Role of CD47 Pathway in Rheumatoid Arthritis (RA) Pathogenesis and Treatment

Rheumatoid arthritis (RA) represents a chronic progressive process which leads to significant morbidity and mortality. RA is driven by both inflammatory and stromal pathologies, and while current therapies improve inflammation, there are not effective treatments targeting fibroblasts and bone pathology in RA. The CD47 pathway can affect both immune cell phagocytosis through SIRP-a signaling and stromal pathology through TSP-1 signaling. This study will define the role of CD47 signaling in patient biospecimens and mouse models of arthritis, and assess the utility of combinations of anti-CD47 therapy and biologics in RA. Our central hypothesis is that CD47 is critical to RA pathogenesis and that its blockade will ameliorate or reverse inflammatory arthritis and bone erosion.
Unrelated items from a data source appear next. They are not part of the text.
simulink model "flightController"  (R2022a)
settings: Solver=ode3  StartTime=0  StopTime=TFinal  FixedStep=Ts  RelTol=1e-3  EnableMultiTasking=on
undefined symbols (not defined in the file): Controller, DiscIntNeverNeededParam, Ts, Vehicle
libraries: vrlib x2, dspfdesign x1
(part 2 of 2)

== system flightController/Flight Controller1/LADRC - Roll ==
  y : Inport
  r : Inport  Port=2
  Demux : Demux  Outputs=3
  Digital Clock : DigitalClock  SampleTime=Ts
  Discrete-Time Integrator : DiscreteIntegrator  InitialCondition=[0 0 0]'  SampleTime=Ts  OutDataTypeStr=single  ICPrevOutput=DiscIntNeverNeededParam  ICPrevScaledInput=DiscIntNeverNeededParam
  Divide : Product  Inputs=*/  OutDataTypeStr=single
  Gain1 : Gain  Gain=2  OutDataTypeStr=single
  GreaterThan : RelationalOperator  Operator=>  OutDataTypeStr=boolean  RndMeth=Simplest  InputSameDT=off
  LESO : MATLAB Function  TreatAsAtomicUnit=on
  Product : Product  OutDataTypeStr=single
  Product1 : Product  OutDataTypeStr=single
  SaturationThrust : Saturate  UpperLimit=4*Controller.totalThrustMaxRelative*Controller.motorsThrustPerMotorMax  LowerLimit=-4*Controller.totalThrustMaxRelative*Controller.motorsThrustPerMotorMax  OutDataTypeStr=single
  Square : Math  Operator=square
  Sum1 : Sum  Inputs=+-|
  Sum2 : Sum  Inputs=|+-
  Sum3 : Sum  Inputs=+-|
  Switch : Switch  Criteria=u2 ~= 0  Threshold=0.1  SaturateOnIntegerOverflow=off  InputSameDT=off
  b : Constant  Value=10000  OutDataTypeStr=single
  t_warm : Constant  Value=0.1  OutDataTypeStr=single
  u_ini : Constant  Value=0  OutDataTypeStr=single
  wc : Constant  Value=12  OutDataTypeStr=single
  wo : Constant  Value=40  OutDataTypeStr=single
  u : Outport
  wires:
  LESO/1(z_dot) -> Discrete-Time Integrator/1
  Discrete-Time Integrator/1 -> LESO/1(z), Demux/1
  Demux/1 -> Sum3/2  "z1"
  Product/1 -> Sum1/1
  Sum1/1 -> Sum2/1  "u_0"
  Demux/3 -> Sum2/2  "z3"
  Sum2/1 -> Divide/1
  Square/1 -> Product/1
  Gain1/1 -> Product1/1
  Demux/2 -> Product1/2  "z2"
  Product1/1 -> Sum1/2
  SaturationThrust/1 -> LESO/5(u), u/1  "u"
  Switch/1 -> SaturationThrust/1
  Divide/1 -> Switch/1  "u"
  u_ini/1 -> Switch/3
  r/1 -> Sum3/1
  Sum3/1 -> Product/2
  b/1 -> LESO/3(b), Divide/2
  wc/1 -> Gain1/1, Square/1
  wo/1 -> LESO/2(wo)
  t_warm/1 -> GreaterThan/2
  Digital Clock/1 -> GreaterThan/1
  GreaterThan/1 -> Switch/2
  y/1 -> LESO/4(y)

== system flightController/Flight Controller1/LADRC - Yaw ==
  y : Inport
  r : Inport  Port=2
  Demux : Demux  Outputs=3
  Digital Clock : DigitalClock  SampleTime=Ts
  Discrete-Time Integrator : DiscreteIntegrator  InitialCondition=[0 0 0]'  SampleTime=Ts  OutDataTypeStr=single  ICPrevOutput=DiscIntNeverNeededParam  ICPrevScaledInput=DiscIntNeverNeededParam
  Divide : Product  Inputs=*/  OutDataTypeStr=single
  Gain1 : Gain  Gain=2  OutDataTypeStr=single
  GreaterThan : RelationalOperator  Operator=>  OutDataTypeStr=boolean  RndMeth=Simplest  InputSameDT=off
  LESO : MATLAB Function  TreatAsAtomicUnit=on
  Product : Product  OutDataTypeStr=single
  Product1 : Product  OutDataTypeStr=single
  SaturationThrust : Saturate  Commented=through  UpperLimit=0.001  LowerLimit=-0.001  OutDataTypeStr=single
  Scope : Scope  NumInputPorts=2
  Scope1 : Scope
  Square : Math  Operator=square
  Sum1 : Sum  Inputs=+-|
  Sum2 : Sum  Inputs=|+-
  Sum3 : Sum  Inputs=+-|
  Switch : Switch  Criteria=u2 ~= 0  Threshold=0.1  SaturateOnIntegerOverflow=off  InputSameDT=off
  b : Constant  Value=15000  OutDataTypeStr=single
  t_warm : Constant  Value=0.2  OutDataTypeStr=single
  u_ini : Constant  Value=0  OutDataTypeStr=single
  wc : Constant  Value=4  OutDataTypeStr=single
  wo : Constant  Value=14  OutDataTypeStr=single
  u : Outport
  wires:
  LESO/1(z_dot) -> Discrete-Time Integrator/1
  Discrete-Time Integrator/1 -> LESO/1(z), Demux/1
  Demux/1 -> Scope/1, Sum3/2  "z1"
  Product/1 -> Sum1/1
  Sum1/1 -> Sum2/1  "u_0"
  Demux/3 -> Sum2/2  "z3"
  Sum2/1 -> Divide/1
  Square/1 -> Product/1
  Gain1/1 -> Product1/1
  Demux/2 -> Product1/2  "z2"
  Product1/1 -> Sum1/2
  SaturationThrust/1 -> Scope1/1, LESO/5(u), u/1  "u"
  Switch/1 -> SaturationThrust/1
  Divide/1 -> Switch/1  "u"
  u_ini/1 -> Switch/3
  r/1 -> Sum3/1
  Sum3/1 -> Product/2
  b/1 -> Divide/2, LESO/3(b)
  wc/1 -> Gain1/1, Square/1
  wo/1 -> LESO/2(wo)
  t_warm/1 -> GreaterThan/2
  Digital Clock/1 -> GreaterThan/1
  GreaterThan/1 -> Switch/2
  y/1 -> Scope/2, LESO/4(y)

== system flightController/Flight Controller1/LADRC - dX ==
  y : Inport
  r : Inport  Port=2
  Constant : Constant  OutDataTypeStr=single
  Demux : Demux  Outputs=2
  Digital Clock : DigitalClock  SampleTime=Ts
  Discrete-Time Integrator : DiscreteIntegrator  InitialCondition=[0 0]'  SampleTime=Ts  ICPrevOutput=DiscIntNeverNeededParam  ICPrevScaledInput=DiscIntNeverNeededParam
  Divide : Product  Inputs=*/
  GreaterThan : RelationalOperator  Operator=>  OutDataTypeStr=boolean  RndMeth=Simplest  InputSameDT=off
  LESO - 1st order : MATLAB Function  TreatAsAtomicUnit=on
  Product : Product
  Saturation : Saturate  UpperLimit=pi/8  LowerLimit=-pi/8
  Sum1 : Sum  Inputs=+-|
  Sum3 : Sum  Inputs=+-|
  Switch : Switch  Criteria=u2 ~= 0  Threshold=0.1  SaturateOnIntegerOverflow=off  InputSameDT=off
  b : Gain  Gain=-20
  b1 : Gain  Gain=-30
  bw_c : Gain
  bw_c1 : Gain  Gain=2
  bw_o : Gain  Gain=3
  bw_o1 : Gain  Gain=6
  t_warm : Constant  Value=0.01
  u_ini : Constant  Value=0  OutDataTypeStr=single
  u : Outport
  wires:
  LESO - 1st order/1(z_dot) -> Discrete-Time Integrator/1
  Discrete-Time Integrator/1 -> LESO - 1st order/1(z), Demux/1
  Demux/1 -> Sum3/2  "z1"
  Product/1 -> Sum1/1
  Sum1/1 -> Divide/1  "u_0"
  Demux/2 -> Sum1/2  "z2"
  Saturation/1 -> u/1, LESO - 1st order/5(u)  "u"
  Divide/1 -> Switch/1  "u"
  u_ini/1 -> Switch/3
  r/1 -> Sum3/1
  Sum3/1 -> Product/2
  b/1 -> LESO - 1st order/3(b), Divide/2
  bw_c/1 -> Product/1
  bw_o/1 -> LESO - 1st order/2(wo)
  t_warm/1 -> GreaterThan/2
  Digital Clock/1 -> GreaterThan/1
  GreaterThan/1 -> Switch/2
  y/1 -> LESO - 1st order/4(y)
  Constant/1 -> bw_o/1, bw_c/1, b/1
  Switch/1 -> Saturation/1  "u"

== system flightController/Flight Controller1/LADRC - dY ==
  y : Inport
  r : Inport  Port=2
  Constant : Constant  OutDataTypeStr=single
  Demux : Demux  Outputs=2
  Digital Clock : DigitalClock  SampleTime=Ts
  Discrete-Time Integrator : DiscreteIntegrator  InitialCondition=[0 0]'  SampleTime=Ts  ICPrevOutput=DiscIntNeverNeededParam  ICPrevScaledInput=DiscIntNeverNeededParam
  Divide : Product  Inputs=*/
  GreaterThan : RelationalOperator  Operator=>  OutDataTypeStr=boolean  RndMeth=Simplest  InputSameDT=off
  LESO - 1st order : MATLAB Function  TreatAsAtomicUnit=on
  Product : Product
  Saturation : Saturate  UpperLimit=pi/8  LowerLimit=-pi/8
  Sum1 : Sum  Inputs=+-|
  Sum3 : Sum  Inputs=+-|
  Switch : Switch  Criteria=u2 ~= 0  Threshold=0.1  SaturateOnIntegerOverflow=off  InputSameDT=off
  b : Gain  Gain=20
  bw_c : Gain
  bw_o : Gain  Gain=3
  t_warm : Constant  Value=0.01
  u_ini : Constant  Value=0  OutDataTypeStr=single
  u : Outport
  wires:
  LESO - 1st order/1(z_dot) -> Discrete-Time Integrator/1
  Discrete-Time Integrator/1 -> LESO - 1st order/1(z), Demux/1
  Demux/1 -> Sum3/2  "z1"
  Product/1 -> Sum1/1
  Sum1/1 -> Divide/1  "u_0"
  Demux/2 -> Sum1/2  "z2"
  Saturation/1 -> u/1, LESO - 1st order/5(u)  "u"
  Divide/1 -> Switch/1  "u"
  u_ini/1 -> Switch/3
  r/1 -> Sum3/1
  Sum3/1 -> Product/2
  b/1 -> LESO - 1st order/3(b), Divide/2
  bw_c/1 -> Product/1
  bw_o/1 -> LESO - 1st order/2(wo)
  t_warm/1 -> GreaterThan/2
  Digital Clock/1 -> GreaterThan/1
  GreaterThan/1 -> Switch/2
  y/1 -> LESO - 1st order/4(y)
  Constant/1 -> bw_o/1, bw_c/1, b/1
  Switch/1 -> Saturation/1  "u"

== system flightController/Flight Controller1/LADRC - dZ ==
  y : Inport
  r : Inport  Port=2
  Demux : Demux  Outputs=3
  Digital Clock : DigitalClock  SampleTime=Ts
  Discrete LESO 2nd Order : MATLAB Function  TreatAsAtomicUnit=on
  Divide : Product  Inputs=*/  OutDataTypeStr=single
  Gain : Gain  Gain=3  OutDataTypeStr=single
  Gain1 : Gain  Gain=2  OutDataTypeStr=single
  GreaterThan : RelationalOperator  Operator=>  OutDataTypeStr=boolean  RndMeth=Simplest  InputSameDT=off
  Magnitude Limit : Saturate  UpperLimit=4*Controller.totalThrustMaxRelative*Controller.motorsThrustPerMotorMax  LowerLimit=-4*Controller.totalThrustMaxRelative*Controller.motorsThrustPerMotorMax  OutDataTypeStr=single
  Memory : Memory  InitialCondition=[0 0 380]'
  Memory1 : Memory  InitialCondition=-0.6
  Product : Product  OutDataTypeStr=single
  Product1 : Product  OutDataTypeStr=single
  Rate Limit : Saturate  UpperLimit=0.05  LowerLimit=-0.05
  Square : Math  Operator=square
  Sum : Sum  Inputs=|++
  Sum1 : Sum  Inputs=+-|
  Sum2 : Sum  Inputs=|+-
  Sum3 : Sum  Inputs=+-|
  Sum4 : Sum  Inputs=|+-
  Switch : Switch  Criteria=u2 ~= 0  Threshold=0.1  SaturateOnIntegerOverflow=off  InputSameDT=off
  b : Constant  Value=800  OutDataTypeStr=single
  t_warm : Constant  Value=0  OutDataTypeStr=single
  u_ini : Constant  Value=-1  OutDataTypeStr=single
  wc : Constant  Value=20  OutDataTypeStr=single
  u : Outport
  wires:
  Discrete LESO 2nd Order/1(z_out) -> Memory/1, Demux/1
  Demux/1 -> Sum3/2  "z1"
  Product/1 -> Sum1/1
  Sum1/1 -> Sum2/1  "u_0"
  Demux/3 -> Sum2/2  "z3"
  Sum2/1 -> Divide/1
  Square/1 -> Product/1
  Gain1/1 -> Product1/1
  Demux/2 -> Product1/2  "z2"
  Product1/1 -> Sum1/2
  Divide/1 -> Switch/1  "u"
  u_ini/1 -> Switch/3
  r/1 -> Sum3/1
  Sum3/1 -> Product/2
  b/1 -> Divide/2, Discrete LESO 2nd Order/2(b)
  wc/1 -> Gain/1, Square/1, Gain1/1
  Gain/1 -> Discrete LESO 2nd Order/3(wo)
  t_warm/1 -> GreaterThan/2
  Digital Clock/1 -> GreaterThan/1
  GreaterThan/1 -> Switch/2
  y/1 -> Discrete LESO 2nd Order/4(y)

We will test this hypothesis through three specific aims. Aim 1 will characterize the role of the CD47 signaling through TSP-1 and SIRP-a in patients with RA through histologic analysis, single cell RNA sequencing, and synovial organoid cultures. Aim 2 will assess whether CD47 is required for inflammatory arthritis by assessing arthritis, bone outcomes, and cellular function in mice deficient in CD47 after inducing arthritis. Aim 3 will determine the effectiveness of CD47 inhibition in combination with biologic therapies in treating arthritis first using an in vitro drug screen and then testing the most promising candidate therapy in vivo. The proposed research is significant both because it will substantially improve understanding of RA biology, and because it has the potential to identify novel therapeutic strategies which can treat both inflammatory and stromal pathways in RA.